Taking all of this into consideration, the general design procedure for an SVA should begin with an appropriate model of the system to be driven, including the load damping, the desired torques and operating speeds, and the desired SVA output impedance. Equation (21) and Figure (9) indicate that the overall system impedance is effectively the impedance of the SVA damper, so the damper should be chosen to match this desired output impedance. Once this value is determined, the necessary motor power can be chosen by back-calculation from the efficiency of the SVA given in Equation (17). The appropriate gear ratio and motor constant KT can then be chosen from the desired steady-state torque or angular velocity values given in Equations (15) and (16).

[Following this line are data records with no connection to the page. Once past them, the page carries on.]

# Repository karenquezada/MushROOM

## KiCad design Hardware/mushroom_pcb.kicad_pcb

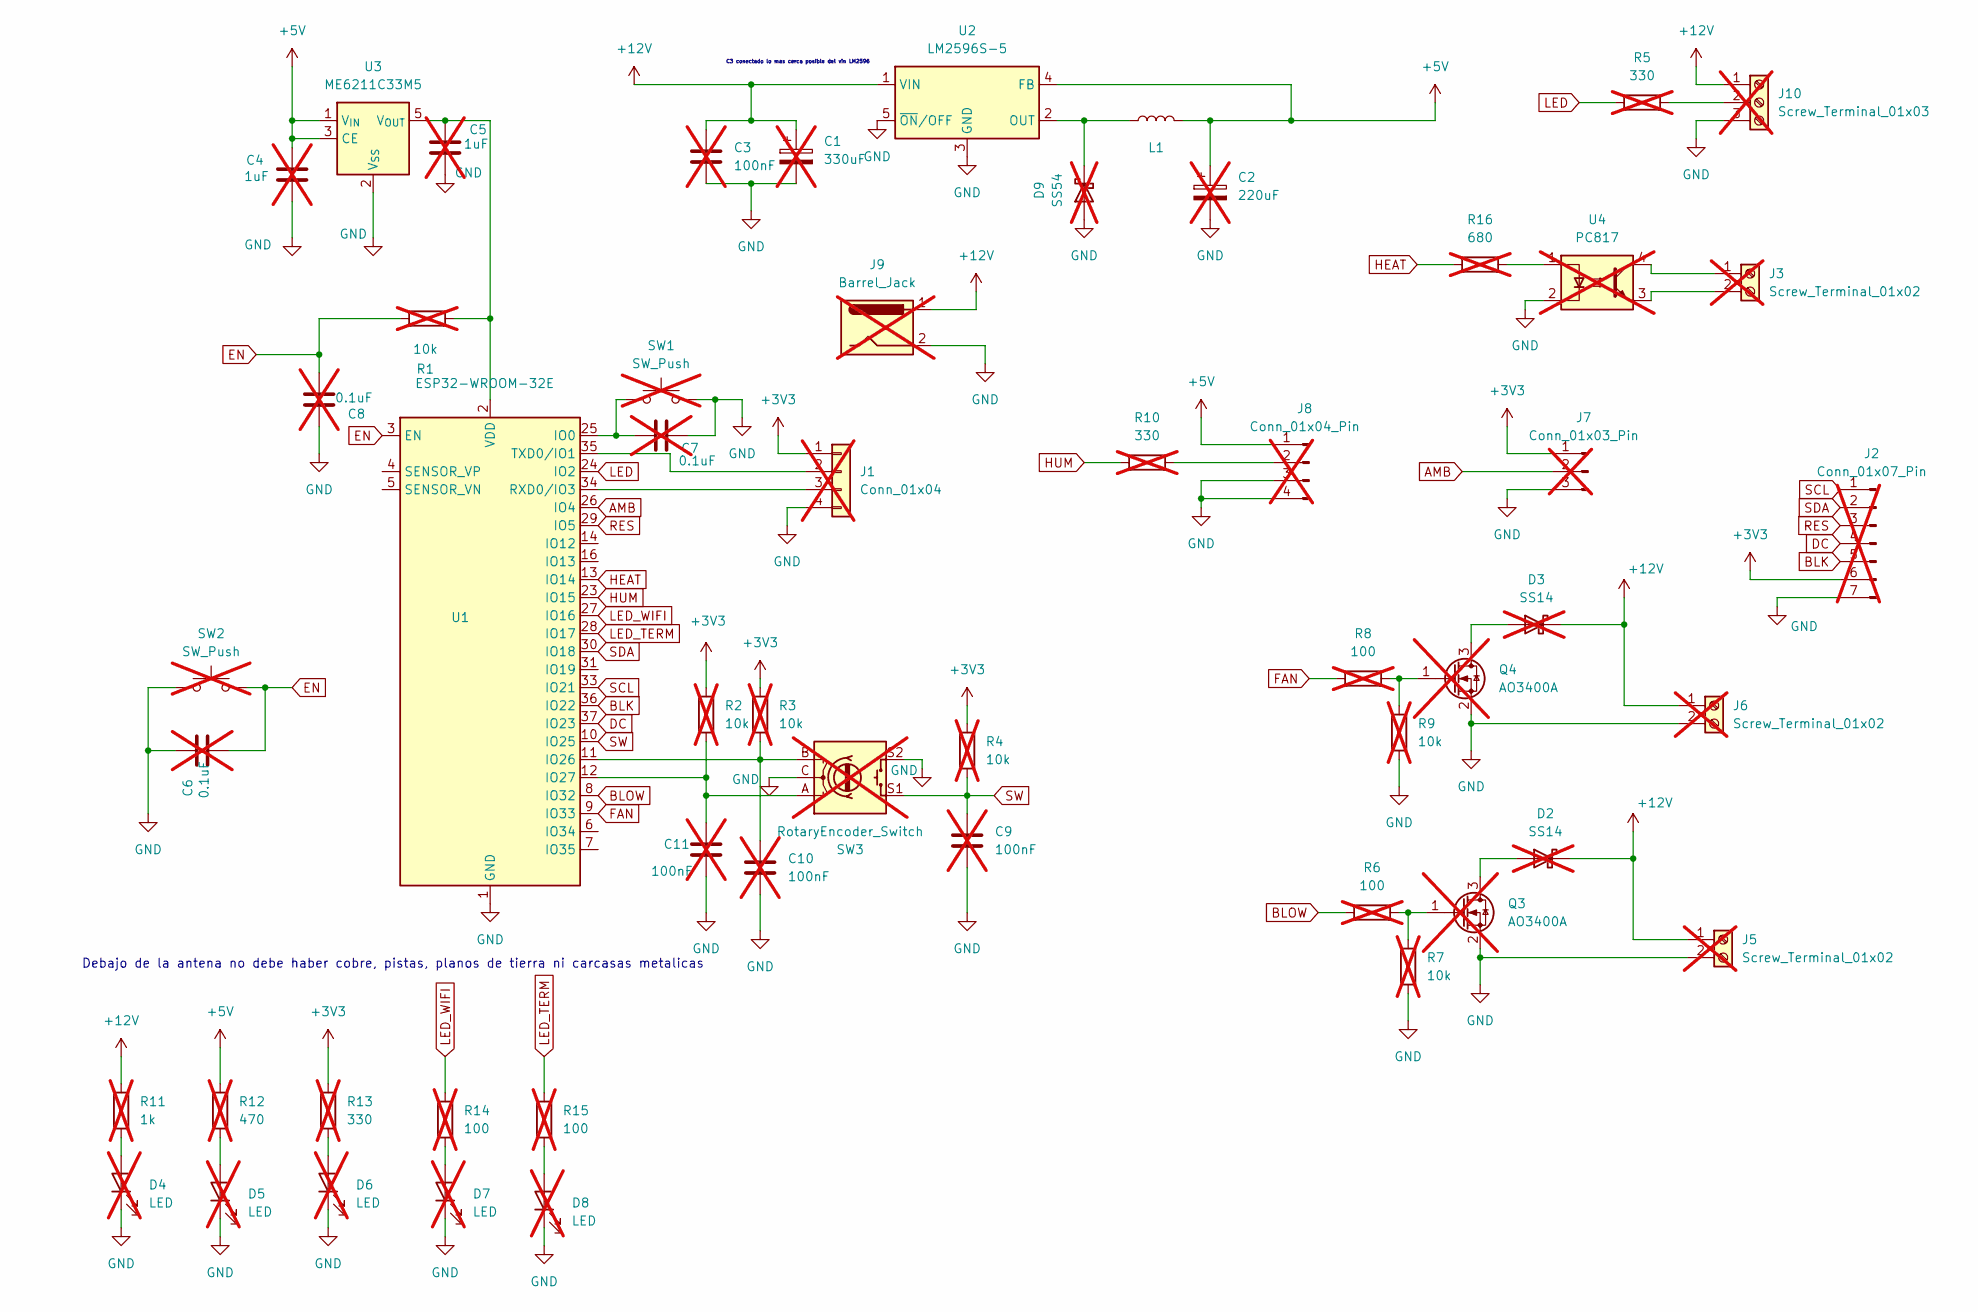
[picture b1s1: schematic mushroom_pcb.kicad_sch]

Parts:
C1: 330uF; CP_Elec_8x10.5; not fitted
C2: 220uF; CP_Elec_8x10.5; not fitted
C3, C9, C10, C11: 100nF; C_0805_2012Metric; not fitted
C4, C5: 1uF; C_0805_2012Metric; not fitted
C6, C7, C8: 0.1uF; C_0805_2012Metric; not fitted
D2, D3: SS14; D_SMA; not fitted
D4, D5, D6, D7, D8: LED; LED_0805_2012Metric; not fitted
D9: SS54; D_SMA; not fitted
J1: Conn_01x04; PinHeader_1x04_P2.54mm_Vertical; not fitted
J2: Conn_01x07_Pin; JST_XH_B7B-XH-A_1x07_P2.50mm_Vertical; not fitted
J3, J5, J6: Screw_Terminal_01x02; TerminalBlock_Phoenix_PT-1,5-2-5.0-H_1x02_P5.00mm_Horizontal; not fitted
J7: Conn_01x03_Pin; JST_XH_S3B-XH-A_1x03_P2.50mm_Horizontal; not fitted
J8: Conn_01x04_Pin; JST_XH_S4B-XH-A_1x04_P2.50mm_Horizontal; not fitted
J9: Barrel_Jack; BarrelJack_CUI_PJ-102AH_Horizontal; not fitted
J10: Screw_Terminal_01x03; TerminalBlock_Phoenix_PT-1,5-3-5.0-H_1x03_P5.00mm_Horizontal; not fitted
L1: 33uH; L_12x12mm_H8mm
Q3, Q4: AO3400A; SOT-23; not fitted
R1, R2, R3, R4, R7, R9: 10k; R_0805_2012Metric_Pad1.20x1.40mm_HandSolder; not fitted
R5, R10, R13: 330; R_0805_2012Metric_Pad1.20x1.40mm_HandSolder; not fitted
R6, R8, R14, R15: 100; R_0805_2012Metric_Pad1.20x1.40mm_HandSolder; not fitted
R11: 1k; R_0805_2012Metric_Pad1.20x1.40mm_HandSolder; not fitted
R12: 470; R_0805_2012Metric_Pad1.20x1.40mm_HandSolder; not fitted
R16: 680; R_0805_2012Metric_Pad1.20x1.40mm_HandSolder; not fitted
SW1, SW2: SW_Push; SW_Push_1P1T_XKB_TS-1187A; not fitted
SW3: RotaryEncoder_Switch; RotaryEncoder_Alps_EC11E-Switch_Vertical_H20mm; not fitted
U1: ESP32-WROOM-32E; ESP32-WROOM-32D
U2: LM2596S-5; TO-263-5_TabPin3
U3: ME6211C33M5; SOT-23-5
U4: PC817; DIP-4_W7.62mm; not fitted

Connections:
+3V3: J1.1, J2.6, J7.1, R2.1, R3.1, R4.1, R13.1
+5V: C2.1, C4.1, J8.1, L1.2, R12.1, U2.4 (FB), U3.1 (V_{IN}), U3.3 (CE)
+12V: C1.1, C3.1, D2.1 (K), D3.1 (K), J5.1, J6.1, J9.1, J10.1, R11.1, U2.1 (VIN)
AMB: J7.2, U1.26 (IO4)
BLK: J2.5, U1.36 (IO22)
BLOW: R6.1, U1.8 (IO32)
DC: J2.4, U1.37 (IO23)
EN: C6.2, C8.2, R1.2, SW2.2, U1.3 (EN)
FAN: R8.1, U1.9 (IO33)
GND: C1.2, C2.2, C3.2, C4.2, C5.2, C6.1, C7.2, C8.1, C9.2, C10.2, C11.2, D4.1 (K), D5.1 (K), D6.1 (K), D7.1 (K), D8.1 (K), D9.2 (A), J1.4, J2.7, J5.2, J6.2, J7.3, J8.3, J8.4, J9.2, J10.3, Q3.2 (S), Q4.2 (S), R7.2, R9.2, SW1.2, SW2.1, SW3.C, SW3.S2, U1.1 (GND), U1.15 (GND), U1.38 (GND), U1.39 (GND), U2.3 (GND), U2.5 (~ON/OFF), U3.2 (V_{SS}), U4.2
HEAT: R16.1, U1.13 (IO14)
HUM: R10.1, U1.23 (IO15)
LED: R5.1, U1.24 (IO2)
LED_TERM: R15.1, U1.28 (IO17)
LED_WIFI: R14.1, U1.27 (IO16)
unnamed: D2.2 (A), Q3.3 (D)
unnamed: D3.2 (A), Q4.3 (D)
unnamed: D4.2 (A), R11.2
unnamed: D5.2 (A), R12.2
unnamed: D6.2 (A), R13.2
unnamed: D7.2 (A), R14.2
unnamed: D8.2 (A), R15.2
unnamed: D9.1 (K), L1.1, U2.2 (OUT)
unnamed: J1.2, U1.35 (TXD0/IO1)
unnamed: J1.3, U1.34 (RXD0/IO3)
unnamed: J3.1, U4.4
unnamed: J3.2, U4.3
unnamed: J8.2, R10.2
unnamed: J10.2, R5.2
unnamed: Q3.1 (G), R6.2, R7.1
unnamed: Q4.1 (G), R8.2, R9.1
unnamed: R16.2, U4.1
unnamed: C7.1, SW1.1, U1.25 (IO0)
unnamed: C10.1, R3.2, SW3.B, U1.11 (IO26)
unnamed: C11.1, R2.2, SW3.A, U1.12 (IO27)
unnamed: C5.1, R1.1, U1.2 (VDD), U3.5 (V_{OUT})
RES: J2.3, U1.29 (IO5)
SCL: J2.1, U1.33 (IO21)
SDA: J2.2, U1.30 (IO18)
SW: C9.1, R4.2, SW3.S1, U1.10 (IO25)

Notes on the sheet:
Debajo de la antena no debe haber cobre, pistas, planos de tierra ni carcasas metalicas
C3 conectado lo mas cerca posible del vin LM2596

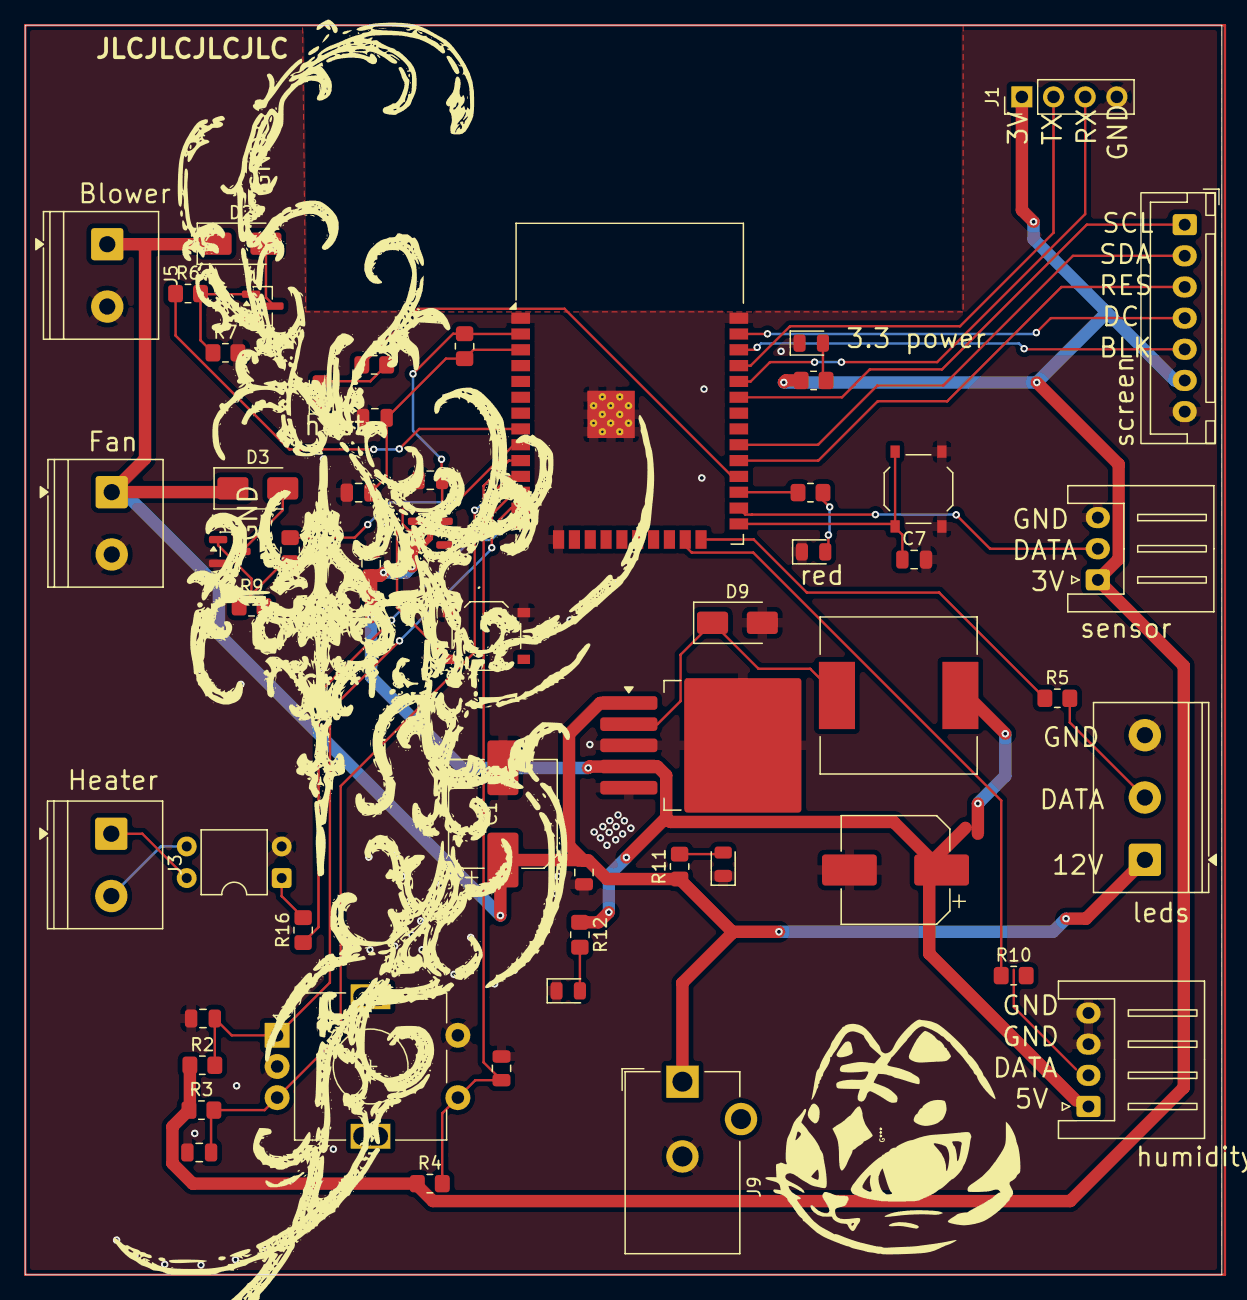
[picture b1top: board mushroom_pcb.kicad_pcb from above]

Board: 2 copper layers, 96.0 x 100.2 mm, 54 parts (0 on the bottom side), 40 nets.

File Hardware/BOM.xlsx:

330uF | C1 | CP_Elec_8x10.5
100nF | C10 | C_0805_2012Metric
100nF | C11 | C_0805_2012Metric
220uF | C2 | CP_Elec_8x10.5
100nF | C3 | C_0805_2012Metric
1uF | C4 | C_0805_2012Metric
1uF | C5 | C_0805_2012Metric
0.1uF | C6 | C_0805_2012Metric
0.1uF | C7 | C_0805_2012Metric
0.1uF | C8 | C_0805_2012Metric
100nF | C9 | C_0805_2012Metric
PMEG040V050EPD | D1 | Nexperia_CFP15_SOT-1289
SS14 | D2,D3 | D_SMA
LED | D4 | LED_0805_2012Metric
LED | D5 | LED_0805_2012Metric
LED | D6 | LED_0805_2012Metric
LED | D7 | LED_0805_2012Metric
LED | D8 | LED_0805_2012Metric
Conn_01x04 | J1 | PinHeader_1x04_P2.54mm_Vertical
Screw_Terminal_01x03 | J10 | TerminalBlock_Phoenix_PT-1,5-3-5.0-H_1x03_P5.00mm_Horizontal
Conn_01x07_Pin | J2 | JST_XH_B7B-XH-A_1x07_P2.50mm_Vertical
Screw_Terminal_01x02 | J3 | TerminalBlock_Phoenix_PT-1,5-2-5.0-H_1x02_P5.00mm_Horizontal
Screw_Terminal_01x02 | J5 | TerminalBlock_Phoenix_PT-1,5-2-5.0-H_1x02_P5.00mm_Horizontal
Screw_Terminal_01x02 | J6 | TerminalBlock_Phoenix_PT-1,5-2-5.0-H_1x02_P5.00mm_Horizontal
Conn_01x03_Pin | J7 | JST_XH_S3B-XH-A_1x03_P2.50mm_Horizontal
Conn_01x04_Pin | J8 | JST_XH_S4B-XH-A_1x04_P2.50mm_Horizontal
Barrel_Jack | J9 | BarrelJack_SwitchcraftConxall_RAPC10U_Horizontal
33uH | L1 | L_12x12mm_H8mm
AO3400A | Q3,Q4 | SOT-23
10k | R1 | R_0805_2012Metric_Pad1.20x1.40mm_HandSolder
330 | R10 | R_0805_2012Metric_Pad1.20x1.40mm_HandSolder
1k | R11 | R_0805_2012Metric_Pad1.20x1.40mm_HandSolder
470 | R12 | R_0805_2012Metric_Pad1.20x1.40mm_HandSolder
330 | R13 | R_0805_2012Metric_Pad1.20x1.40mm_HandSolder
100 | R14 | R_0805_2012Metric_Pad1.20x1.40mm_HandSolder
100 | R15 | R_0805_2012Metric_Pad1.20x1.40mm_HandSolder
680 | R16 | R_0805_2012Metric_Pad1.20x1.40mm_HandSolder
10k | R2 | R_0805_2012Metric_Pad1.20x1.40mm_HandSolder
10k | R3 | R_0805_2012Metric_Pad1.20x1.40mm_HandSolder
10k | R4 | R_0805_2012Metric_Pad1.20x1.40mm_HandSolder
330 | R5 | R_0805_2012Metric_Pad1.20x1.40mm_HandSolder
100 | R6 | R_0805_2012Metric_Pad1.20x1.40mm_HandSolder
10k | R7 | R_0805_2012Metric_Pad1.20x1.40mm_HandSolder
100 | R8 | R_0805_2012Metric_Pad1.20x1.40mm_HandSolder
10k | R9 | R_0805_2012Metric_Pad1.20x1.40mm_HandSolder
SW_Push | SW1,SW2 | SW_Push_1P1T_XKB_TS-1187A
RotaryEncoder_Switch | SW3 | RotaryEncoder_Alps_EC11E-Switch_Vertical_H20mm
ESP32-WROOM-32E | U1 | ESP32-WROOM-32D
LM2596S-5 | U2 | TO-263-5_TabPin3
ME6211C33M5 | U3 | SOT-23-5
PC817 | U4 | DIP-4_W7.62mm

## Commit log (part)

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2025-08-11 algunos borradores + telegrambot
2025-09-25 probar blower y mejorar los datos del sensor
2025-10-05 task dht22 + screen funcionales, incorporacion main exitosa
2025-10-22 codigo de humidificacion

The deviations from the expected behavior resulting from very low choices of SVA dampers shown in Table (6) result from mis-modeling of the useful torque within the system. This problem may be addressed by either improving the quality of the gearbox or carefully modeling the damper and using encoders to measure wi and

W2. By increasing the gearbox quality, the losses to static friction can be largely

reduced. This will result in a transition similar to that from Figure (8) to Figure (9) and bring the low-speed impedance SVA impedance closer to the expected value. Harmonic drives are one such way to reduce the gearbox friction. Alternatively, by

characterizing the damper well and measuring the speed on either side, the torque delivered to the load can be calculated and controlled using a feedback loop. Allowing such low output impedances will allow lighter, smaller, and cheaper motors augmented with high-ratio gearboxes to meet the desired specifications.

6

Conclusion

The series viscous actuator configuration was found to be an acceptable means of reducing the effective impedance of a high-impedance actuator. The dynamic model derived for this research accurately predicted the physical response and of the system in configurations where the SVA damping matched or exceeding the damping of the driven load. The largest discrepancies between the model and the physical system concerned static and dynamic friction, which were particularly prevalent in low-speed and low-torque configurations.

Future work should focus on adapting the the adaptation of this system for use in rehabilitative robotics. As the conditions that produce significant deviations from the model coincide with the optimal conditions for use of an SVA - low speed and low output impedance - methods to reduce the losses to static friction should be investigated. Completely novel solutions may produce the best result - for example, the motor itself might be used as the vane of the damper in order to minimize the space usage of the SVA.